Die Multishot-Technik zur Auflösungsvergrößerung hatte ich letzte Woche im Zusammenhang mit der Fuji X-H2 erwähnt, aber es gibt sie in verschiedenen Varianten schon seit mehr als zehn Jahren.

Zum ersten Mal hörte ich von Multishot, während ich Redakteur von Hasselblads Kundenmagazin Victor by Hasselblad war. Hasselblad war ein Pionier dieser Methode, Bilder mit höherer Auflösung als der ihres Sensors aufzuzeichnen. Mit einem Multishot-Rückteil an einer Hasselblad-DSLR wurden aus 50 Megapixel 200 und aus 100 Megapixeln 400. Dabei war der verwendete Mechanismus, mit dem der Sensor um wenige Mikrometer verschoben werden konnte, noch relativ voluminös. Olympus und Pentax begannen ein paar Jahre später, den zum Zweck der Bildstabilisierung ohnehin verschiebbaren Sensor auch für einen Multishot-Modus zu nutzen – die nötige Hardware war bereits vorhanden, so dass die Verwirklichung dieses Features nur noch eine Sache der Firmware war. Sony, Panasonic, Leica und Fuji zogen später nach.

Apropos Multishot
Die Hasselblad H6D 400C MS kann mit einem 100-Megapixel-Sensor Bilder mit 400 Megapixeln aufnehmen. (Quelle: Hasselblad)
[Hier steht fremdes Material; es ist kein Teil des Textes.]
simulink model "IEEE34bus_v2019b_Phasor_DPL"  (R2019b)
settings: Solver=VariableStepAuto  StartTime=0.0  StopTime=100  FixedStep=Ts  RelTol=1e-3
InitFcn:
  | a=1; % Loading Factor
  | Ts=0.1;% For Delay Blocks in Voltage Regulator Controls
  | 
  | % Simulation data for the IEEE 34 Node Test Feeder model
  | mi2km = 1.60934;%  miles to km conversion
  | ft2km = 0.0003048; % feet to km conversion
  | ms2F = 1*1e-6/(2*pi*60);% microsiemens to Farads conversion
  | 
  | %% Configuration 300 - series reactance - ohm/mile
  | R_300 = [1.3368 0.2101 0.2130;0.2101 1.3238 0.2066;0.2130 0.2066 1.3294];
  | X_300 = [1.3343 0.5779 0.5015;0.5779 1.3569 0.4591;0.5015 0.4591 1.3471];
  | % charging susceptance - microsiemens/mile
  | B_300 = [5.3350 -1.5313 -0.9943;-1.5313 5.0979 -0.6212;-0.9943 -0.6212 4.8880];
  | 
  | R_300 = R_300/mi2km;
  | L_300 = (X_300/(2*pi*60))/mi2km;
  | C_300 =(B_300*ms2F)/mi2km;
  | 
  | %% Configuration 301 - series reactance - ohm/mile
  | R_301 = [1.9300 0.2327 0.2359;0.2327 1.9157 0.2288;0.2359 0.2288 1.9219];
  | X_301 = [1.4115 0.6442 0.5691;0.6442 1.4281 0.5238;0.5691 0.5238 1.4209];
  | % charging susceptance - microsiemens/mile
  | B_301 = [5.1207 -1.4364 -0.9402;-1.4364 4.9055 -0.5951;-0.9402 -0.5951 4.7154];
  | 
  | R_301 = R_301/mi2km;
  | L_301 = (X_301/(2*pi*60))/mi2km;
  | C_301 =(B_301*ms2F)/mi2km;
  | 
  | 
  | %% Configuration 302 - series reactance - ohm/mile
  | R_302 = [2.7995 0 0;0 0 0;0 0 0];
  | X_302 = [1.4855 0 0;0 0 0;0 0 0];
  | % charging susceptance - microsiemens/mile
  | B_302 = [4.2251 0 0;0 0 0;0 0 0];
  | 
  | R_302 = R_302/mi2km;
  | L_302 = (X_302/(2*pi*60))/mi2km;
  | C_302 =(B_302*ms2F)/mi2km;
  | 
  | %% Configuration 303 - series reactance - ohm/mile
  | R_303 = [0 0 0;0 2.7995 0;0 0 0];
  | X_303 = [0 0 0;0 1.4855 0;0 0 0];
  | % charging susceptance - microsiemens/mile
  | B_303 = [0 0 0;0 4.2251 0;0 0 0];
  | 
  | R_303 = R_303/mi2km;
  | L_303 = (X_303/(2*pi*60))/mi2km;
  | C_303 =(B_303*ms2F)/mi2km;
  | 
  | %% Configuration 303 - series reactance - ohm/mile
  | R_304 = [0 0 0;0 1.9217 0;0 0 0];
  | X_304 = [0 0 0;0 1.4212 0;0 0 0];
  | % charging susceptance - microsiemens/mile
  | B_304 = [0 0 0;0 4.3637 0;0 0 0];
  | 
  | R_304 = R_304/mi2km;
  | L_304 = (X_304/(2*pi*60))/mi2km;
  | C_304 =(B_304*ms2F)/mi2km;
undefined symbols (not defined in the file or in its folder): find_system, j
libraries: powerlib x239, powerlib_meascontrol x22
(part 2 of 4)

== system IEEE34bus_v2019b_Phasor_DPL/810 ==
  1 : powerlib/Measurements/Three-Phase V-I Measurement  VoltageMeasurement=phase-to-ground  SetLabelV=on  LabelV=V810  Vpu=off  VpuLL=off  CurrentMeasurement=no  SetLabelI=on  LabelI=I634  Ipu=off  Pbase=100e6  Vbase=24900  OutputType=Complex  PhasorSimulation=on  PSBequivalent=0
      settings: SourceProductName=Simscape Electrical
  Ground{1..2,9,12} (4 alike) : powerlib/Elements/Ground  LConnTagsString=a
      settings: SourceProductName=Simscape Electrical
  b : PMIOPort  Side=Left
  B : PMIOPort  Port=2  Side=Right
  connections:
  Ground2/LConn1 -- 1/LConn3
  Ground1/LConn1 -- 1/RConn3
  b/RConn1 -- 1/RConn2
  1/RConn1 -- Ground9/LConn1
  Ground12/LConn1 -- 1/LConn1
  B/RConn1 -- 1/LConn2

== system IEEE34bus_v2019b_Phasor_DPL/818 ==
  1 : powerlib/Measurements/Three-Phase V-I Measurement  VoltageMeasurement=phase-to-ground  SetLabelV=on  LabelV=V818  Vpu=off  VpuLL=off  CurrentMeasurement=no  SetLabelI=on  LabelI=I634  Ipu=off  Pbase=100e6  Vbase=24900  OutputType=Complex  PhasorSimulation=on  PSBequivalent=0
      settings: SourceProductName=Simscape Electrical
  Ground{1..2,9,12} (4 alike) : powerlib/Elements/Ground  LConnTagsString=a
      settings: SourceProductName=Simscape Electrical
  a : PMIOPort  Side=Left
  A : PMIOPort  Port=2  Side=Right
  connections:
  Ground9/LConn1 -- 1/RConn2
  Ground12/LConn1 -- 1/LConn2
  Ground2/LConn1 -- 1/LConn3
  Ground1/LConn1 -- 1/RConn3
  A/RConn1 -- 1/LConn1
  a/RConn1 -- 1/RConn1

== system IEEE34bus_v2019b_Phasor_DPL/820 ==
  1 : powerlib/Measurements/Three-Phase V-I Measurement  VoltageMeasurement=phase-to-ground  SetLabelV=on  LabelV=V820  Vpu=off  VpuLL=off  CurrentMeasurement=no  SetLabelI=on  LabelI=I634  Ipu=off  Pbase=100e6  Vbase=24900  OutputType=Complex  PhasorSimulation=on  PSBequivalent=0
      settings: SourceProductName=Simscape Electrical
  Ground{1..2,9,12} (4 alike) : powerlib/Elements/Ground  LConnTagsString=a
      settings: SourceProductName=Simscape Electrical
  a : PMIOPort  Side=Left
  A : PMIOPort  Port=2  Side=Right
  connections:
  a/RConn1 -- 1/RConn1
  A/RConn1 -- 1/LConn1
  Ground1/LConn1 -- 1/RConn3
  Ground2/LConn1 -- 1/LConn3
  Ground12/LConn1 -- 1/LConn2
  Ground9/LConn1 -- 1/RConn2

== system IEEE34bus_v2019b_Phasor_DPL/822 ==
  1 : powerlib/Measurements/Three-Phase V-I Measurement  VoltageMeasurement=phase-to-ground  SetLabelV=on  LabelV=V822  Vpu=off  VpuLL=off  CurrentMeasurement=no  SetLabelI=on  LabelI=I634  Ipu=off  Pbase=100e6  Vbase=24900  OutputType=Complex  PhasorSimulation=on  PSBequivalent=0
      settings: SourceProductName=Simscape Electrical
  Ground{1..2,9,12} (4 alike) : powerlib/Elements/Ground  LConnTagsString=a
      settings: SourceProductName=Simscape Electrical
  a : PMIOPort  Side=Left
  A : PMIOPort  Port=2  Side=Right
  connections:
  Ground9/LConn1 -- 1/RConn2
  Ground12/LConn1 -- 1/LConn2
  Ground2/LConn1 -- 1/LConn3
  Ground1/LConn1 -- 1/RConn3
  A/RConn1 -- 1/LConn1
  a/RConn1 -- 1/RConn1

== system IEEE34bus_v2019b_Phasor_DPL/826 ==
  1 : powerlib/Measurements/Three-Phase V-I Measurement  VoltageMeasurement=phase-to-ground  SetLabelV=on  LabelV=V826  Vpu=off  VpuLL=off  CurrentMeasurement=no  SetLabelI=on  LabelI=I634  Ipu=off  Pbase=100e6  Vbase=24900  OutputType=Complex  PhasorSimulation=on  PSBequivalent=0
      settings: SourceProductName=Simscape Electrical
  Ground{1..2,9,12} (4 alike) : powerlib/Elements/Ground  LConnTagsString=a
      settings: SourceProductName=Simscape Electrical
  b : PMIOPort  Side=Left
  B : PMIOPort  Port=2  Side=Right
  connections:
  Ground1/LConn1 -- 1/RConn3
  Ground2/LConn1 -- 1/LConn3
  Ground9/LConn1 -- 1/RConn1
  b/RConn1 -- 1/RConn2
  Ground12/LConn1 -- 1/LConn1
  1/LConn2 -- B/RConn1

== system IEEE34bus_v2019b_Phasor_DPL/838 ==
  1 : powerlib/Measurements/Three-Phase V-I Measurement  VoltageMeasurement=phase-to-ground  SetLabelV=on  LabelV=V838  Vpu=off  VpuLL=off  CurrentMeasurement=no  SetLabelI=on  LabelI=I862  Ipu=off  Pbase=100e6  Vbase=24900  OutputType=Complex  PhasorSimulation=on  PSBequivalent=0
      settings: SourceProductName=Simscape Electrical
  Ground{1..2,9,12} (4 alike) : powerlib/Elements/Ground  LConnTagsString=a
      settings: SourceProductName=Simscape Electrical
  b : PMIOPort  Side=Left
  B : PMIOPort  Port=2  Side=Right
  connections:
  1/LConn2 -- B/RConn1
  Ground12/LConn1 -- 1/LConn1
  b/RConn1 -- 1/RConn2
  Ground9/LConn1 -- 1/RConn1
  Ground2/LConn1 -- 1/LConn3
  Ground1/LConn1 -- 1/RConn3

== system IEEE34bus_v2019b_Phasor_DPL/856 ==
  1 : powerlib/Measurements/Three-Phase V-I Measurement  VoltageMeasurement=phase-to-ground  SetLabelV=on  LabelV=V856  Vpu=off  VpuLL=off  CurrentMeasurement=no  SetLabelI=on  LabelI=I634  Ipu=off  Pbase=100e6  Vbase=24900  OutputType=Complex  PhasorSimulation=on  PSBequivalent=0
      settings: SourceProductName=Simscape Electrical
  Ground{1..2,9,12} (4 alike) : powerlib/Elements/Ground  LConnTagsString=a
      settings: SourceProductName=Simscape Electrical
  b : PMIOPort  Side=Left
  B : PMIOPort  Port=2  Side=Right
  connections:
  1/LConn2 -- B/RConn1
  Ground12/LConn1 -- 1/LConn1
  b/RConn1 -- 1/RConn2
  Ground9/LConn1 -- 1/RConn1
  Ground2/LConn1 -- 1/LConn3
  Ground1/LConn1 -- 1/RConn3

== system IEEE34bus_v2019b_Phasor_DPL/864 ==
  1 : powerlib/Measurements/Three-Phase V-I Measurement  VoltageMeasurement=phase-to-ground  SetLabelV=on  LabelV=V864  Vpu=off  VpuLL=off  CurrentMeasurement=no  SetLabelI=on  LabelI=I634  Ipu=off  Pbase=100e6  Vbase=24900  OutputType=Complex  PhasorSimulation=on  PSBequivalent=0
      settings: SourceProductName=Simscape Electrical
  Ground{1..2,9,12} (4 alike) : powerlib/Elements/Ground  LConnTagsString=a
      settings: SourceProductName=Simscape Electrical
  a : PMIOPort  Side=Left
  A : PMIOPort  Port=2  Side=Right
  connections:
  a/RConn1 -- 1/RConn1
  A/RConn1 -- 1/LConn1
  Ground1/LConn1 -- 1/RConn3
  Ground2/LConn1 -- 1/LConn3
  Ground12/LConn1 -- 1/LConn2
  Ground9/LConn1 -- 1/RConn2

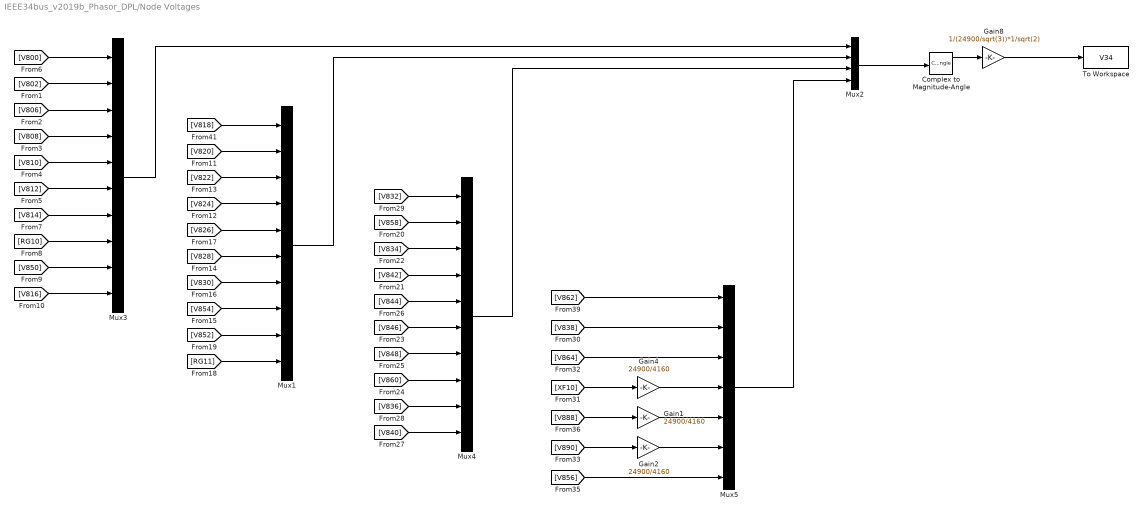
== system IEEE34bus_v2019b_Phasor_DPL/Node Voltages ==
  Complex to Magnitude-Angle : ComplexToMagnitudeAngle
  Gain1 : Gain  Gain=24900/4160
  Gain2 : Gain  Gain=24900/4160
  Gain4 : Gain  Gain=24900/4160
  Gain8 : Gain  Gain=1/(24900/sqrt(3))*1/sqrt(2)
  Mux1 : Mux  Inputs=10
  Mux2 : Mux
  Mux3 : Mux  Inputs=10
  Mux4 : Mux  Inputs=10
  Mux5 : Mux  Inputs=7
  To Workspace : ToWorkspace  VariableName=V34  SampleTime=0.1
  wires:
  [V800] -> Mux3/1
  [V802] -> Mux3/2
  [V806] -> Mux3/3
  [V808] -> Mux3/4
  [V810] -> Mux3/5
  [V812] -> Mux3/6
  [V814] -> Mux3/7
  [RG10] -> Mux3/8
  [V850] -> Mux3/9
  [V816] -> Mux3/10
  [V818] -> Mux1/1
  [V820] -> Mux1/2
  [V822] -> Mux1/3
  [V824] -> Mux1/4
  [V826] -> Mux1/5
  [V828] -> Mux1/6
  [V830] -> Mux1/7
  [V854] -> Mux1/8
  [V852] -> Mux1/9
  [RG11] -> Mux1/10
  [V832] -> Mux4/1
  [V858] -> Mux4/2
  [V834] -> Mux4/3
  [V842] -> Mux4/4
  [V844] -> Mux4/5
  [V846] -> Mux4/6
  [V848] -> Mux4/7
  [V860] -> Mux4/8
  [V836] -> Mux4/9
  [V840] -> Mux4/10
  [V862] -> Mux5/1
  [V838] -> Mux5/2
  [V864] -> Mux5/3
  [XF10] -> Gain4/1
  [V888] -> Gain1/1
  [V890] -> Gain2/1
  [V856] -> Mux5/7
  Mux3/1 -> Mux2/1
  Mux1/1 -> Mux2/2
  Mux4/1 -> Mux2/3
  Mux5/1 -> Mux2/4
  Gain4/1 -> Mux5/4
  Gain1/1 -> Mux5/5
  Gain2/1 -> Mux5/6
  Gain8/1 -> To Workspace/1
  Complex to Magnitude-Angle/1 -> Gain8/1
  Mux2/1 -> Complex to Magnitude-Angle/1

== system IEEE34bus_v2019b_Phasor_DPL/Regulator 1 ==
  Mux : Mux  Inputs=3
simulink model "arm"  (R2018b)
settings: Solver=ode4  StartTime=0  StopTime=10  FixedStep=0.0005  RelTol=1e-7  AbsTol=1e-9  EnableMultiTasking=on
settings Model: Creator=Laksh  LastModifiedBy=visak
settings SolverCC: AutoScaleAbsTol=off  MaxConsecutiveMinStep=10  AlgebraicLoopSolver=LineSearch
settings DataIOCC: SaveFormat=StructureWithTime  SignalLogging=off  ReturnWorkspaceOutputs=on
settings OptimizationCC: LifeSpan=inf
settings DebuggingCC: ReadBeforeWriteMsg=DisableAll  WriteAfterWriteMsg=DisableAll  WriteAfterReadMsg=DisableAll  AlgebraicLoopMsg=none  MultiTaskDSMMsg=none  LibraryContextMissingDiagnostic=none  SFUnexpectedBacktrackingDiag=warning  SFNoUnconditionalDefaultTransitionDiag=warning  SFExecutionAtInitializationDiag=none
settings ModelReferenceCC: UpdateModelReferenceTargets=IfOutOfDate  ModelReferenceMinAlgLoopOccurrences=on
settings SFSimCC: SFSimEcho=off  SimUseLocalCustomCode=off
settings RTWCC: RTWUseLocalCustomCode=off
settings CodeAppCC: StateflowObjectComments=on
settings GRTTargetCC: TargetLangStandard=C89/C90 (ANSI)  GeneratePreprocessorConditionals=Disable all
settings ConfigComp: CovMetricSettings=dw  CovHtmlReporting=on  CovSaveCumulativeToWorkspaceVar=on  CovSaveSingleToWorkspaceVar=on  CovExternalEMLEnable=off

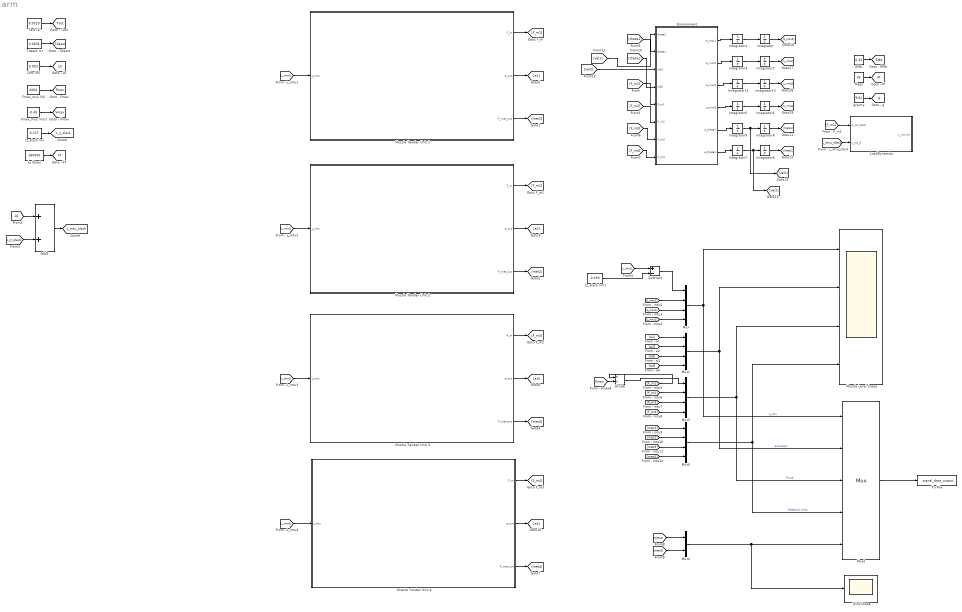
== system arm ==
  Add1 : Sum
  Divide : Product  Inputs=*/
  EMA : Constant  Value=0.33
  Environment : MATLAB Function  TreatAsAtomicUnit=on
  Fmax_mus (N) : Constant  Value=6000
  Integrator : Integrator  InitialCondition=0.05
  Integrator{1..11} (11 alike) : Integrator
  Joint Scope : Scope
  L0m (m) : Constant  Value=0.055
  LoadDynamics : Subsystem
  Lt_slack (m) : Constant  Value=0.237
  Lt_slack (m)1 : Constant  Value=0.293
  Mass : Constant  Value=35
  Muscle Level Scope : Scope  NumInputPorts=4
  Muscle Tenden Unit 1 : Subsystem
  Muscle Tenden Unit 2 : Subsystem
  Muscle Tenden Unit 3 : Subsystem
  Muscle Tenden Unit 4 : Subsystem
  Mux{,1,3,5} (4 alike) : Mux
  Mux2 : Mux  Inputs=5
      settings: DisplayOption=signals
  Mux4 : Mux  Inputs=2
  Subtract : Sum  Inputs=+-
  Tact (s) : Constant  Value=0.0329  VectorParams1D=off
  Tdeact (s) : Constant  Value=0.0905
  To File : ToFile  Filename=signal_data_output  MatrixName=data  SaveFormat=Timeseries
  Vmax_mus (m\s) : Constant  Value=-0.45
  gravity : Constant  Value=9.81
  kt (N\m) : Constant  Value=180000
  tag scope: EMA=global, Fmax=global, L0=global, L_mtu_slack=global, L_t_slack=global, M=global, Tact=global, Tdeact=global, Vmax=global, g=global, kT=global
  wires:
  Mux2/1 -> To File/1
  Tact (s)/1 -> [Tact]
  Tdeact (s)/1 -> [Tdeact]
  L0m (m)/1 -> [L0]
  Fmax_mus (N)/1 -> [Fmax]
  Vmax_mus (m\s)/1 -> [Vmax]
  Lt_slack (m)/1 -> [L_t_slack]
  [L_t_slack] -> Add1/2
  Add1/1 -> [L_mtu_slack]
  [L0] -> Add1/1
  kt (N\m)/1 -> [kT]
  [a1] -> Mux1/1
  [a2] -> Mux1/2
  Mux1/1 -> Muscle Level Scope/2, Mux2/2  "activation"
  Muscle Tenden Unit 1/1(F_m) -> [F_m1]
  [L_mtu1] -> Muscle Tenden Unit 1/1("L_mtu ")
  Muscle Tenden Unit 1/2(a_out) -> [a1]
  [F_m1] -> Environment/5(F_m1)
  [F_m2] -> Environment/6(F_m2)
  [F_m3] -> Environment/7(F_m3)
  [F_m4] -> Environment/8(F_m4)
  Environment/2(a_mtu2) -> Integrator3/1
  Muscle Tenden Unit 1/3(P_met_out) -> [met1]
  Muscle Tenden Unit 2/2(a_out) -> [a2]
  [L_mtu2] -> Muscle Tenden Unit 2/1("L_mtu ")
  Muscle Tenden Unit 2/1(F_m) -> [F_m2]
  Muscle Tenden Unit 2/3(P_met_out) -> [met2]
  Muscle Tenden Unit 3/3(P_met_out) -> [met3]
  Muscle Tenden Unit 3/1(F_m) -> [F_m3]
  [L_mtu3] -> Muscle Tenden Unit 3/1("L_mtu ")
  Muscle Tenden Unit 3/2(a_out) -> [a3]
  Muscle Tenden Unit 4/2(a_out) -> [a4]
  [L_mtu4] -> Muscle Tenden Unit 4/1("L_mtu ")
  Muscle Tenden Unit 4/1(F_m) -> [F_m4]
  Muscle Tenden Unit 4/3(P_met_out) -> [met4]
  [theta1] -> Mux4/1
  [theta2] -> Mux4/2
  [a3] -> Mux1/3
  [a4] -> Mux1/4
  [L_mtu1] -> Mux/3
  [L_mtu1] -> Mux/2
  [L_mtu1] -> Mux/4
  [F_m4] -> Mux3/4
  [F_m1] -> Divide/1
  [F_m3] -> Mux3/3
  [F_m2] -> Mux3/2
  Mux3/1 -> Muscle Level Scope/3, Mux2/3  "Force"
  Mux4/1 -> Mux2/5, Joint Scope/1
  Mux5/1 -> Muscle Level Scope/4, Mux2/4  "Metabolic Cost"
  [met2] -> Mux5/2
  [met3] -> Mux5/3
  [met1] -> Mux5/1
  [met4] -> Mux5/4
  Mux/1 -> Mux2/1, Muscle Level Scope/1  "L_mtu"
  Environment/1(a_mtu1) -> Integrator1/1
  Integrator1/1 -> Integrator/1
  Integrator3/1 -> Integrator2/1
  Integrator2/1 -> [L_mtu2]
  Integrator5/1 -> Integrator4/1
  Environment/4(a_mtu4) -> Integrator5/1
  Environment/6(a_theta2) -> Integrator7/1
  Integrator7/1 -> [vel2], Integrator6/1
  Integrator6/1 -> [theta2]
  Integrator4/1 -> [L_mtu4]
  Integrator8/1 -> [theta1]
  Integrator9/1 -> [vel1], Integrator8/1
  Environment/5(a_theta1) -> Integrator9/1
  Integrator11/1 -> Integrator10/1
  Environment/3(a_mtu3) -> Integrator11/1
  Integrator10/1 -> [L_mtu3]
  Integrator/1 -> [L_mtu1]
  [Fmax] -> Divide/2
  Divide/1 -> Mux3/1
  [L_mtu_slack] -> LoadDynamics/2(L_mt_0)
  [F_m1] -> LoadDynamics/1(F_mt_total)
  Mass/1 -> [M]
  gravity/1 -> [g]
  EMA/1 -> [EMA]
  Lt_slack (m)1/1 -> Subtract/2
  Subtract/1 -> Mux/1
  [L_mtu1] -> Subtract/1
  [theta2] -> Environment/3(vel1)
  [vel2] -> Environment/4(vel2)
  [vel1] -> Environment/1(theta2)
  [theta1] -> Environment/2(theta1)

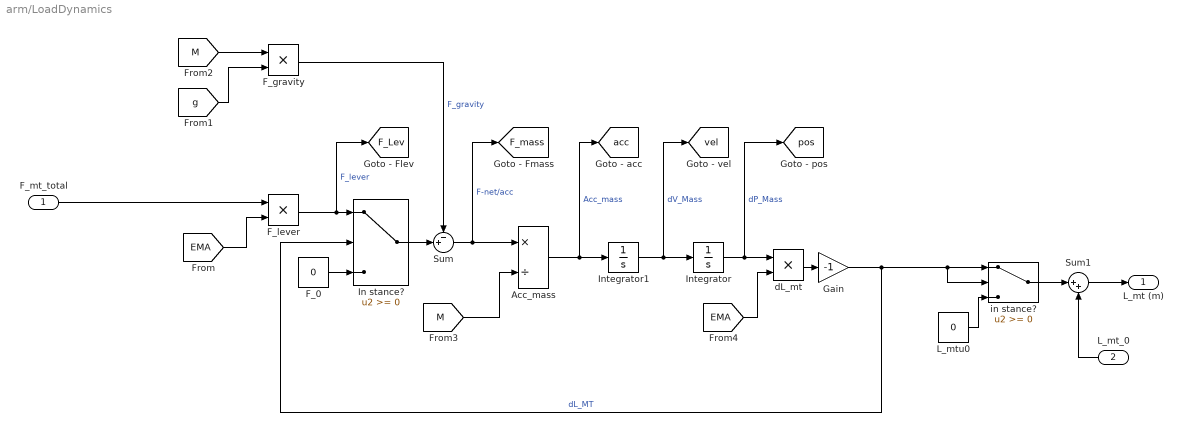
== system arm/LoadDynamics ==
  F_mt_total : Inport
  L_mt_0 : Inport  Port=2
  Acc_mass : Product  Inputs=*/
  F_0 : Constant  Value=0
  F_gravity : Product  RndMeth=Zero
  F_lever : Product  RndMeth=Zero
  Gain : Gain  Gain=-1
  In stance? : Switch
  Integrator : Integrator  InitialCondition=0.05
  Integrator1 : Integrator
  L_mtu0 : Constant  Value=0
  Sum : Sum  Inputs=-+|
  Sum1 : Sum  Inputs=|++
  dL_mt : Product  RndMeth=Zero
  "in stance? " : Switch
  L_mt (m) : Outport
  tag scope: F_Lev=global, F_mass=global, acc=global, pos=global, vel=global
  wires:
  Integrator1/1 -> [vel], Integrator/1  "dV_Mass"
  Sum1/1 -> L_mt (m)/1
  L_mt_0/1 -> Sum1/2
  Acc_mass/1 -> [acc], Integrator1/1  "Acc_mass"
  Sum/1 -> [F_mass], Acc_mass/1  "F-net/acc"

In der konkreten Realisierung des Multishot-Modus unterscheiden sich die Ansätze der verschiedenen Hersteller. Die ersten Multishot-Kameras begnügten sich mit Verschiebungen um jeweils eine ganze Pixelbreite oder -höhe. Mit vier Aufnahmen war es dann möglich – einen Sensor mit Bayer-Filtermuster vorausgesetzt –, jeden Bildpunkt mit je einem rot- und blauempfindlichen und zwei grünempfindlichen Sensorpixeln abzutasten, so dass man am Ende für jedes Bildpixel über alle Farbinformationen verfügt. Der Sensor liefert ja nur eine RGB-Komponente pro Pixel; die übrigen beiden Farben müssen normalerweise aus Nachbarpixeln interpoliert werden. Dank Multishot kann die Interpolation wegfallen, und so entsteht ein Bild, das zwar nicht mehr Pixel als ein im Singleshot-Modus aufgenommenes Foto enthält, Details aber viel besser und farbgetreuer auflöst. Die effektive Auflösung entspricht dann annähernd der eines Sensors mit doppelter Pixelzahl. Die erreichbare Auflösung wird ja generell durch die Zahl der grünempfindlichen Pixel bestimmt, die beim Bayer-Filtermuster 50 Prozent ausmachen, und mit Multishot sind effektiv alle Pixel grünempfindlich, also doppelt so viele.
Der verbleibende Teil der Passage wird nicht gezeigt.